What to do
Exactly reproduce the entries, dropping any pictures from your copy.

━━━━━━━━━━

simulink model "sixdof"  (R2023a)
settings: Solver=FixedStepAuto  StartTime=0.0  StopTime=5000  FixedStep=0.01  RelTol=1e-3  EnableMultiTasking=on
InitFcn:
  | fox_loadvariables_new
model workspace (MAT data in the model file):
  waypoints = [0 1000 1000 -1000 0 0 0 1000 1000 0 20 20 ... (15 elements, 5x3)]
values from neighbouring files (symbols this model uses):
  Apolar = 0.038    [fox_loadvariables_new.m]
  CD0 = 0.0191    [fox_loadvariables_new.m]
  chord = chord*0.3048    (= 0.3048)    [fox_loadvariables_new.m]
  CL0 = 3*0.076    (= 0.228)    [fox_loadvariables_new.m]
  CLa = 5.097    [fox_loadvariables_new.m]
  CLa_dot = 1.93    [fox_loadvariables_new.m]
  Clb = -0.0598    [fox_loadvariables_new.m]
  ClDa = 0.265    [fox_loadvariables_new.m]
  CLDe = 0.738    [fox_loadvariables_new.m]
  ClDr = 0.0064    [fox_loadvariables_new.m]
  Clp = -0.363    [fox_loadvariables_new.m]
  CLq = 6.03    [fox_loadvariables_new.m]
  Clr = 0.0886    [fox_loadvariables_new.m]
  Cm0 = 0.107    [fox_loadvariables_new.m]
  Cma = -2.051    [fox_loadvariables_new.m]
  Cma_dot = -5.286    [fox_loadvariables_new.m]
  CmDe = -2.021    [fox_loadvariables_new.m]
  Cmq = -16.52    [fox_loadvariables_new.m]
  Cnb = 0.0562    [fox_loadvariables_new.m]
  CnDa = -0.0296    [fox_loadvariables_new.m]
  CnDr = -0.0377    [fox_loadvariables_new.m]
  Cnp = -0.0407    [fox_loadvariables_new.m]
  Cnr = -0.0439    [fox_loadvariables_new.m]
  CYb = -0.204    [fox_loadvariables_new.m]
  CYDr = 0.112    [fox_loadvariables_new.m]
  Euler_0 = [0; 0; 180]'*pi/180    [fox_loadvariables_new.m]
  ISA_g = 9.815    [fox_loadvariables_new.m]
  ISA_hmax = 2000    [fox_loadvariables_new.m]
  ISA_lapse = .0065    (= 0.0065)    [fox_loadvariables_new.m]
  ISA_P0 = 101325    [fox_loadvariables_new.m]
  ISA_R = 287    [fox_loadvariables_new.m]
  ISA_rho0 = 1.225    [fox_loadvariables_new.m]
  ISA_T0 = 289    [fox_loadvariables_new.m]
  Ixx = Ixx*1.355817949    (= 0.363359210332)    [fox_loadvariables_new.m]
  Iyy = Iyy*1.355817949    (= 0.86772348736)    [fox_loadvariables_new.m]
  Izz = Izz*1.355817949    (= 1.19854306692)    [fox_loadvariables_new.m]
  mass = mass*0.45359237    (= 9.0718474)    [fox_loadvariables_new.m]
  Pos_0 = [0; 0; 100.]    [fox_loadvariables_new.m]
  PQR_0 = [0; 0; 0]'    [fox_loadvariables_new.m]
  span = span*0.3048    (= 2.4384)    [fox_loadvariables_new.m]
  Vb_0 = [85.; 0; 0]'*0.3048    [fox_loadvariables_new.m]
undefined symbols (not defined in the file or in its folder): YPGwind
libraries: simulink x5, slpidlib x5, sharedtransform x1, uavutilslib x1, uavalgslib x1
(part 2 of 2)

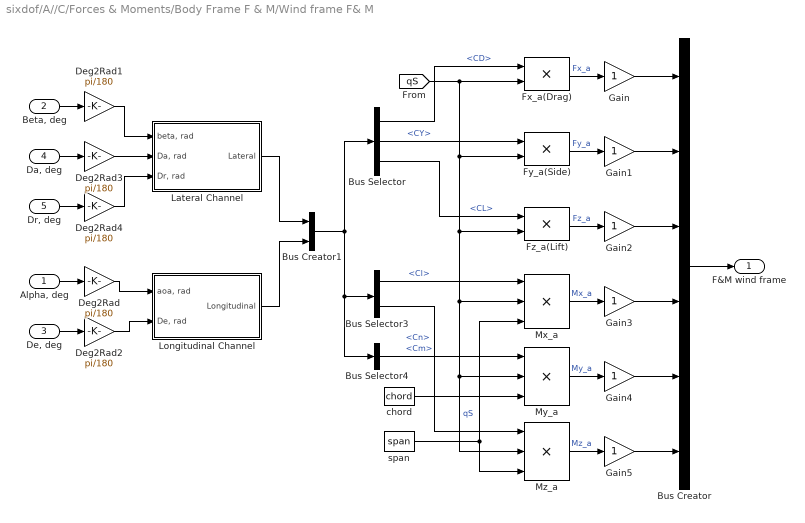
== system sixdof/A//C/Forces & Moments/Body Frame F & M/Wind frame F& M ==
  "Alpha, deg" : Inport
  "Beta, deg" : Inport  Port=2
  "De, deg" : Inport  Port=3
  "Da, deg" : Inport  Port=4
  "Dr, deg" : Inport  Port=5
  Bus Creator : BusCreator  Inputs=6
  Bus Creator1 : BusCreator  Inputs=2
  Bus Selector : BusSelector  OutputSignals=signal2.CD,signal1.CY,signal2.CL
  Bus Selector3 : BusSelector  OutputSignals=signal1.Cl,signal1.Cn
  Bus Selector4 : BusSelector  OutputSignals=signal2.Cm
  Deg2Rad{,1..4} (5 alike) : Gain  Gain=pi/180  SaturateOnIntegerOverflow=on  OutDataTypeStr=Inherit: Same as input  ParamDataTypeStr=Inherit: Same as input
  Fx_a(Drag) : Product  Inputs=**  SaturateOnIntegerOverflow=on  OutDataTypeStr=Inherit: Same as first input
  Fy_a(Side) : Product  SaturateOnIntegerOverflow=on  OutDataTypeStr=Inherit: Same as first input
  Fz_a(Lift) : Product  SaturateOnIntegerOverflow=on  OutDataTypeStr=Inherit: Same as first input
  Gain{,1..5} (6 alike) : Gain  SaturateOnIntegerOverflow=on  OutDataTypeStr=Inherit: Same as input  ParamDataTypeStr=Inherit: Same as input
  Lateral Channel : Subsystem
  Longitudinal Channel : Subsystem
  Mx_a : Product  Inputs=3  SaturateOnIntegerOverflow=on  OutDataTypeStr=Inherit: Same as first input
  My_a : Product  Inputs=3  SaturateOnIntegerOverflow=on  OutDataTypeStr=Inherit: Same as first input
  Mz_a : Product  Inputs=3  SaturateOnIntegerOverflow=on  OutDataTypeStr=Inherit: Same as first input
  chord : Constant  Value=chord  VectorParams1D=off
  span : Constant  Value=span  VectorParams1D=off
  F&M wind frame : Outport
  wires:
  Bus Selector/1 -> Fx_a(Drag)/1  "<CD>"
  Fx_a(Drag)/1 -> Gain/1  "Fx_a"
  Fy_a(Side)/1 -> Gain1/1  "Fy_a"
  Fz_a(Lift)/1 -> Gain2/1  "Fz_a"
  Bus Selector3/1 -> Mx_a/1  "<Cl>"
  Mx_a/1 -> Gain3/1  "Mx_a"
  Bus Selector4/1 -> My_a/1  "<Cm>"
  Mz_a/1 -> Gain5/1  "Mz_a"
  [qS] -> Fx_a(Drag)/2, Fy_a(Side)/2, Fz_a(Lift)/2, Mx_a/2, My_a/2, Mz_a/2  "qS"
  span/1 -> Mx_a/3, Mz_a/3
  chord/1 -> My_a/3
  Bus Selector/2 -> Fy_a(Side)/1  "<CY>"
  Bus Selector/3 -> Fz_a(Lift)/1  "<CL>"
  Bus Selector3/2 -> Mz_a/1  "<Cn>"
  Bus Creator/1 -> F&M wind frame/1
  My_a/1 -> Gain4/1  "My_a"
  Bus Creator1/1 -> Bus Selector/1, Bus Selector3/1, Bus Selector4/1
  Lateral Channel/1(Lateral) -> Bus Creator1/1
  Longitudinal Channel/1(Longitudinal) -> Bus Creator1/2
  "Alpha, deg"/1 -> Deg2Rad/1
  "Beta, deg"/1 -> Deg2Rad1/1
  "De, deg"/1 -> Deg2Rad2/1
  "Da, deg"/1 -> Deg2Rad3/1
  "Dr, deg"/1 -> Deg2Rad4/1
  Deg2Rad1/1 -> Lateral Channel/1("beta, rad")
  Deg2Rad3/1 -> Lateral Channel/2("Da, rad")
  Deg2Rad4/1 -> Lateral Channel/3("Dr, rad")
  Deg2Rad/1 -> Longitudinal Channel/1("aoa, rad")
  Deg2Rad2/1 -> Longitudinal Channel/2("De, rad")
  Gain/1 -> Bus Creator/1
  Gain1/1 -> Bus Creator/2
  Gain2/1 -> Bus Creator/3
  Gain3/1 -> Bus Creator/4
  Gain4/1 -> Bus Creator/5
  Gain5/1 -> Bus Creator/6

== system sixdof/A//C/Forces & Moments/U2B1/Rb2u ==
  phi theta psi : Inport
  11 : Fcn  Expr=cos(u[3])*cos(u[2])
  12 : Fcn  Expr=sin(u[3])*cos(u[2])
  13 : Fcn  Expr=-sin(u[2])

━━━━━━━━━━

Answer area
simulink model "sixdof"  (R2023a)
settings: Solver=FixedStepAuto  StartTime=0.0  StopTime=5000  FixedStep=0.01  RelTol=1e-3  EnableMultiTasking=on
InitFcn:
  | fox_loadvariables_new
model workspace (MAT data in the model file):
  waypoints = [0 1000 1000 -1000 0 0 0 1000 1000 0 20 20 ... (15 elements, 5x3)]
values from neighbouring files (symbols this model uses):
  Apolar = 0.038    [fox_loadvariables_new.m]
  CD0 = 0.0191    [fox_loadvariables_new.m]
  chord = chord*0.3048    (= 0.3048)    [fox_loadvariables_new.m]
  CL0 = 3*0.076    (= 0.228)    [fox_loadvariables_new.m]
  CLa = 5.097    [fox_loadvariables_new.m]
  CLa_dot = 1.93    [fox_loadvariables_new.m]
  Clb = -0.0598    [fox_loadvariables_new.m]
  ClDa = 0.265    [fox_loadvariables_new.m]
  CLDe = 0.738    [fox_loadvariables_new.m]
  ClDr = 0.0064    [fox_loadvariables_new.m]
  Clp = -0.363    [fox_loadvariables_new.m]
  CLq = 6.03    [fox_loadvariables_new.m]
  Clr = 0.0886    [fox_loadvariables_new.m]
  Cm0 = 0.107    [fox_loadvariables_new.m]
  Cma = -2.051    [fox_loadvariables_new.m]
  Cma_dot = -5.286    [fox_loadvariables_new.m]
  CmDe = -2.021    [fox_loadvariables_new.m]
  Cmq = -16.52    [fox_loadvariables_new.m]
  Cnb = 0.0562    [fox_loadvariables_new.m]
  CnDa = -0.0296    [fox_loadvariables_new.m]
  CnDr = -0.0377    [fox_loadvariables_new.m]
  Cnp = -0.0407    [fox_loadvariables_new.m]
  Cnr = -0.0439    [fox_loadvariables_new.m]
  CYb = -0.204    [fox_loadvariables_new.m]
  CYDr = 0.112    [fox_loadvariables_new.m]
  Euler_0 = [0; 0; 180]'*pi/180    [fox_loadvariables_new.m]
  ISA_g = 9.815    [fox_loadvariables_new.m]
  ISA_hmax = 2000    [fox_loadvariables_new.m]
  ISA_lapse = .0065    (= 0.0065)    [fox_loadvariables_new.m]
  ISA_P0 = 101325    [fox_loadvariables_new.m]
  ISA_R = 287    [fox_loadvariables_new.m]
  ISA_rho0 = 1.225    [fox_loadvariables_new.m]
  ISA_T0 = 289    [fox_loadvariables_new.m]
  Ixx = Ixx*1.355817949    (= 0.363359210332)    [fox_loadvariables_new.m]
  Iyy = Iyy*1.355817949    (= 0.86772348736)    [fox_loadvariables_new.m]
  Izz = Izz*1.355817949    (= 1.19854306692)    [fox_loadvariables_new.m]
  mass = mass*0.45359237    (= 9.0718474)    [fox_loadvariables_new.m]
  Pos_0 = [0; 0; 100.]    [fox_loadvariables_new.m]
  PQR_0 = [0; 0; 0]'    [fox_loadvariables_new.m]
  span = span*0.3048    (= 2.4384)    [fox_loadvariables_new.m]
  Vb_0 = [85.; 0; 0]'*0.3048    [fox_loadvariables_new.m]
undefined symbols (not defined in the file or in its folder): YPGwind
libraries: simulink x5, slpidlib x5, sharedtransform x1, uavutilslib x1, uavalgslib x1
(part 2 of 2)

== system sixdof/A//C/Forces & Moments/Body Frame F & M/Wind frame F& M ==
  "Alpha, deg" : Inport
  "Beta, deg" : Inport  Port=2
  "De, deg" : Inport  Port=3
  "Da, deg" : Inport  Port=4
  "Dr, deg" : Inport  Port=5
  Bus Creator : BusCreator  Inputs=6
  Bus Creator1 : BusCreator  Inputs=2
  Bus Selector : BusSelector  OutputSignals=signal2.CD,signal1.CY,signal2.CL
  Bus Selector3 : BusSelector  OutputSignals=signal1.Cl,signal1.Cn
  Bus Selector4 : BusSelector  OutputSignals=signal2.Cm
  Deg2Rad{,1..4} (5 alike) : Gain  Gain=pi/180  SaturateOnIntegerOverflow=on  OutDataTypeStr=Inherit: Same as input  ParamDataTypeStr=Inherit: Same as input
  Fx_a(Drag) : Product  Inputs=**  SaturateOnIntegerOverflow=on  OutDataTypeStr=Inherit: Same as first input
  Fy_a(Side) : Product  SaturateOnIntegerOverflow=on  OutDataTypeStr=Inherit: Same as first input
  Fz_a(Lift) : Product  SaturateOnIntegerOverflow=on  OutDataTypeStr=Inherit: Same as first input
  Gain{,1..5} (6 alike) : Gain  SaturateOnIntegerOverflow=on  OutDataTypeStr=Inherit: Same as input  ParamDataTypeStr=Inherit: Same as input
  Lateral Channel : Subsystem
  Longitudinal Channel : Subsystem
  Mx_a : Product  Inputs=3  SaturateOnIntegerOverflow=on  OutDataTypeStr=Inherit: Same as first input
  My_a : Product  Inputs=3  SaturateOnIntegerOverflow=on  OutDataTypeStr=Inherit: Same as first input
  Mz_a : Product  Inputs=3  SaturateOnIntegerOverflow=on  OutDataTypeStr=Inherit: Same as first input
  chord : Constant  Value=chord  VectorParams1D=off
  span : Constant  Value=span  VectorParams1D=off
  F&M wind frame : Outport
  wires:
  Bus Selector/1 -> Fx_a(Drag)/1  "<CD>"
  Fx_a(Drag)/1 -> Gain/1  "Fx_a"
  Fy_a(Side)/1 -> Gain1/1  "Fy_a"
  Fz_a(Lift)/1 -> Gain2/1  "Fz_a"
  Bus Selector3/1 -> Mx_a/1  "<Cl>"
  Mx_a/1 -> Gain3/1  "Mx_a"
  Bus Selector4/1 -> My_a/1  "<Cm>"
  Mz_a/1 -> Gain5/1  "Mz_a"
  [qS] -> Fx_a(Drag)/2, Fy_a(Side)/2, Fz_a(Lift)/2, Mx_a/2, My_a/2, Mz_a/2  "qS"
  span/1 -> Mx_a/3, Mz_a/3
  chord/1 -> My_a/3
  Bus Selector/2 -> Fy_a(Side)/1  "<CY>"
  Bus Selector/3 -> Fz_a(Lift)/1  "<CL>"
  Bus Selector3/2 -> Mz_a/1  "<Cn>"
  Bus Creator/1 -> F&M wind frame/1
  My_a/1 -> Gain4/1  "My_a"
  Bus Creator1/1 -> Bus Selector/1, Bus Selector3/1, Bus Selector4/1
  Lateral Channel/1(Lateral) -> Bus Creator1/1
  Longitudinal Channel/1(Longitudinal) -> Bus Creator1/2
  "Alpha, deg"/1 -> Deg2Rad/1
  "Beta, deg"/1 -> Deg2Rad1/1
  "De, deg"/1 -> Deg2Rad2/1
  "Da, deg"/1 -> Deg2Rad3/1
  "Dr, deg"/1 -> Deg2Rad4/1
  Deg2Rad1/1 -> Lateral Channel/1("beta, rad")
  Deg2Rad3/1 -> Lateral Channel/2("Da, rad")
  Deg2Rad4/1 -> Lateral Channel/3("Dr, rad")
  Deg2Rad/1 -> Longitudinal Channel/1("aoa, rad")
  Deg2Rad2/1 -> Longitudinal Channel/2("De, rad")
  Gain/1 -> Bus Creator/1
  Gain1/1 -> Bus Creator/2
  Gain2/1 -> Bus Creator/3
  Gain3/1 -> Bus Creator/4
  Gain4/1 -> Bus Creator/5
  Gain5/1 -> Bus Creator/6

== system sixdof/A//C/Forces & Moments/U2B1/Rb2u ==
  phi theta psi : Inport
  11 : Fcn  Expr=cos(u[3])*cos(u[2])
  12 : Fcn  Expr=sin(u[3])*cos(u[2])
  13 : Fcn  Expr=-sin(u[2])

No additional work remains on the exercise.